Lemma 17.13.4. Let $i : (Z, \mathcal{O}_ Z) \to (X, \mathcal{O}_ X)$ be a morphism of ringed spaces. Assume $i$ is a homeomorphism onto a closed subset of $X$ and $i^\sharp : \mathcal{O}_ X \to i_*\mathcal{O}_ Z$ is surjective. Denote $\mathcal{I} \subset \mathcal{O}_ X$ the kernel of $i^\sharp$. The functor

$i_* : \textit{Mod}(\mathcal{O}_ Z) \longrightarrow \textit{Mod}(\mathcal{O}_ X)$

is exact, fully faithful, with essential image those $\mathcal{O}_ X$-modules $\mathcal{G}$ such that $\mathcal{I}\mathcal{G} = 0$.

Proof. We claim that for a $\mathcal{O}_ Z$-module $\mathcal{F}$ the canonical map

$i^*i_*\mathcal{F} \longrightarrow \mathcal{F}$

is an isomorphism. We check this on stalks. Say $z \in Z$ and $x = i(z)$. We have

$(i^*i_*\mathcal{F})_ z = (i_*\mathcal{F})_ x \otimes _{\mathcal{O}_{X, x}} \mathcal{O}_{Z, z} = \mathcal{F}_ z \otimes _{\mathcal{O}_{X, x}} \mathcal{O}_{Z, z} = \mathcal{F}_ z$

by Sheaves, Lemma 6.26.4, the fact that $\mathcal{O}_{Z, z}$ is a quotient of $\mathcal{O}_{X, x}$, and Sheaves, Lemma 6.32.1. It follows that $i_*$ is fully faithful.

Let $\mathcal{G}$ be a $\mathcal{O}_ X$-module with $\mathcal{I}\mathcal{G} = 0$. We will prove the canonical map

$\mathcal{G} \longrightarrow i_*i^*\mathcal{G}$

is an isomorphism. This proves that $\mathcal{G} = i_*\mathcal{F}$ with $\mathcal{F} = i^*\mathcal{G}$ which finishes the proof. We check the displayed map induces an isomorphism on stalks. If $x \in X$, $x \not\in i(Z)$, then $\mathcal{G}_ x = 0$ because $\mathcal{I}_ x = \mathcal{O}_{X, x}$ in this case. As above $(i_*i^*\mathcal{G})_ x = 0$ by Sheaves, Lemma 6.32.1. On the other hand, if $x \in Z$, then we obtain the map

$\mathcal{G}_ x \longrightarrow \mathcal{G}_ x \otimes _{\mathcal{O}_{X, x}} \mathcal{O}_{Z, x}$

by Sheaves, Lemmas 6.26.4 and 6.32.1. This map is an isomorphism because $\mathcal{O}_{Z, x} = \mathcal{O}_{X, x}/\mathcal{I}_ x$ and because $\mathcal{G}_ x$ is annihilated by $\mathcal{I}_ x$ by assumption. $\square$

Comment #466 by Nuno on

At line 4 should be: We check this on stalks.

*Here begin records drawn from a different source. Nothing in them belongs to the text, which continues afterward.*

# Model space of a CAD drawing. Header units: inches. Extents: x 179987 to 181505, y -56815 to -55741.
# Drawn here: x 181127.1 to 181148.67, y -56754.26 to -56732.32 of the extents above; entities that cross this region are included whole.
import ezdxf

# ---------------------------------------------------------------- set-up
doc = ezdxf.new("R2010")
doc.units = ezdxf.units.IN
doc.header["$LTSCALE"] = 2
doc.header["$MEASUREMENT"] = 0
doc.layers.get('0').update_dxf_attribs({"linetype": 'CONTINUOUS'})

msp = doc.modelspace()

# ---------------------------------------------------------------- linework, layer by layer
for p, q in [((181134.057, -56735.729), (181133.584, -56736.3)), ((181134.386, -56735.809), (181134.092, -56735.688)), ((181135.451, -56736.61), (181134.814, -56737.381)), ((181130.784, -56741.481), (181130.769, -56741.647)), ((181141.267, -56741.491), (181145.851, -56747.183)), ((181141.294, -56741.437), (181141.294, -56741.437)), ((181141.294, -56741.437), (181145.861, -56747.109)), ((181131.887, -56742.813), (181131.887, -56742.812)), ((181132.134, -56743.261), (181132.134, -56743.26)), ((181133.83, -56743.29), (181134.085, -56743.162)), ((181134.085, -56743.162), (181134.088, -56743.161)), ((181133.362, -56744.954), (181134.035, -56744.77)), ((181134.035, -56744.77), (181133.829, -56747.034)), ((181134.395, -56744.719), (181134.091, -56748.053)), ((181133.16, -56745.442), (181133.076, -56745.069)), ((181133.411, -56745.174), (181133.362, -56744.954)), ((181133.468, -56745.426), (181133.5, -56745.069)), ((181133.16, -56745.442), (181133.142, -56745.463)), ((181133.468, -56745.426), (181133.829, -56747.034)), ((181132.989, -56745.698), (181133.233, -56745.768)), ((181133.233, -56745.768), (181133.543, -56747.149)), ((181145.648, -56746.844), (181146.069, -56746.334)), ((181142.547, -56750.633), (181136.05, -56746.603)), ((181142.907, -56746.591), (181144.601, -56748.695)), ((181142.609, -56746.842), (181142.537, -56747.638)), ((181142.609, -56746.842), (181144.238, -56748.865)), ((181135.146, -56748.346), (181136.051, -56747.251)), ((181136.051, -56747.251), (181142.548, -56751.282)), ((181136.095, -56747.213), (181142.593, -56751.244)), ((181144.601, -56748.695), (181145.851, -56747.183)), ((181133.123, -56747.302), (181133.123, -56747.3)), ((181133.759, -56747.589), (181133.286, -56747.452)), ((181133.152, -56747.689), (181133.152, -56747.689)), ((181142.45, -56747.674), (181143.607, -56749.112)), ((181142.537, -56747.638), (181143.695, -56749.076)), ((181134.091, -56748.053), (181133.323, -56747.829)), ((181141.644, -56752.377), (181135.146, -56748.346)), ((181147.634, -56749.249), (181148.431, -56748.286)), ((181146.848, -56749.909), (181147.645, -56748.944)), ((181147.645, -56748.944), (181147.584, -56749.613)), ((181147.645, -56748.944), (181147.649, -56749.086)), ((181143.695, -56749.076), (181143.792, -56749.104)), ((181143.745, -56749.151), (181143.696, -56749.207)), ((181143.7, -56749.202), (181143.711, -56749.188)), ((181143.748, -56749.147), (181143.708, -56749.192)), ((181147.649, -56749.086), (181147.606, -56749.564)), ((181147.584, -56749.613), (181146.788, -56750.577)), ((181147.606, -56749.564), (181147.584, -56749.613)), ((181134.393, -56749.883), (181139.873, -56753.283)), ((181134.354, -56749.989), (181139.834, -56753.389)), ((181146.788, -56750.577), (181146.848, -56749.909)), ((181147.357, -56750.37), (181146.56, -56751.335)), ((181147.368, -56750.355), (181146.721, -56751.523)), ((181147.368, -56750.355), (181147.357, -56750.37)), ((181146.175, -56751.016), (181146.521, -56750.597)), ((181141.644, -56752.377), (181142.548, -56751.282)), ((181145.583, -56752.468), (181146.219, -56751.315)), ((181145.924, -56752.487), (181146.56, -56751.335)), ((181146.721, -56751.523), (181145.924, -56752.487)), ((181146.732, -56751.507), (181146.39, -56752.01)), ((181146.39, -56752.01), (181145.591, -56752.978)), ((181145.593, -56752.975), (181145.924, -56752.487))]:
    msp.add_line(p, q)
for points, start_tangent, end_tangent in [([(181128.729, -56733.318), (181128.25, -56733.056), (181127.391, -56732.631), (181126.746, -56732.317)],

Comment #1855 by Keenan Kidwell on

It seems like, for the second part of the argument, one can also argue using stalks as in the first part that $\mathscr{G}\to i_*i^*\mathscr{G}$ is an isomorphism. It's the zero map of zero modules at points not in $Z$, and otherwise it's the map $\mathscr{G}_z\to \mathscr{G}_z\otimes_{\mathscr{O}_{X,z}}\mathscr{O}_{Z,z}$ which is an isomorphism since $\mathscr{O}_{Z,z}=\mathscr{O}_{X,z}/\mathscr{I}_z$. This yields the convenient description $\mathscr{F}=i^*\mathscr{G}$. Wouldn this latter "abstract" description be helpful to have as a complement to the more explicit module structure on $\mathscr{F}$?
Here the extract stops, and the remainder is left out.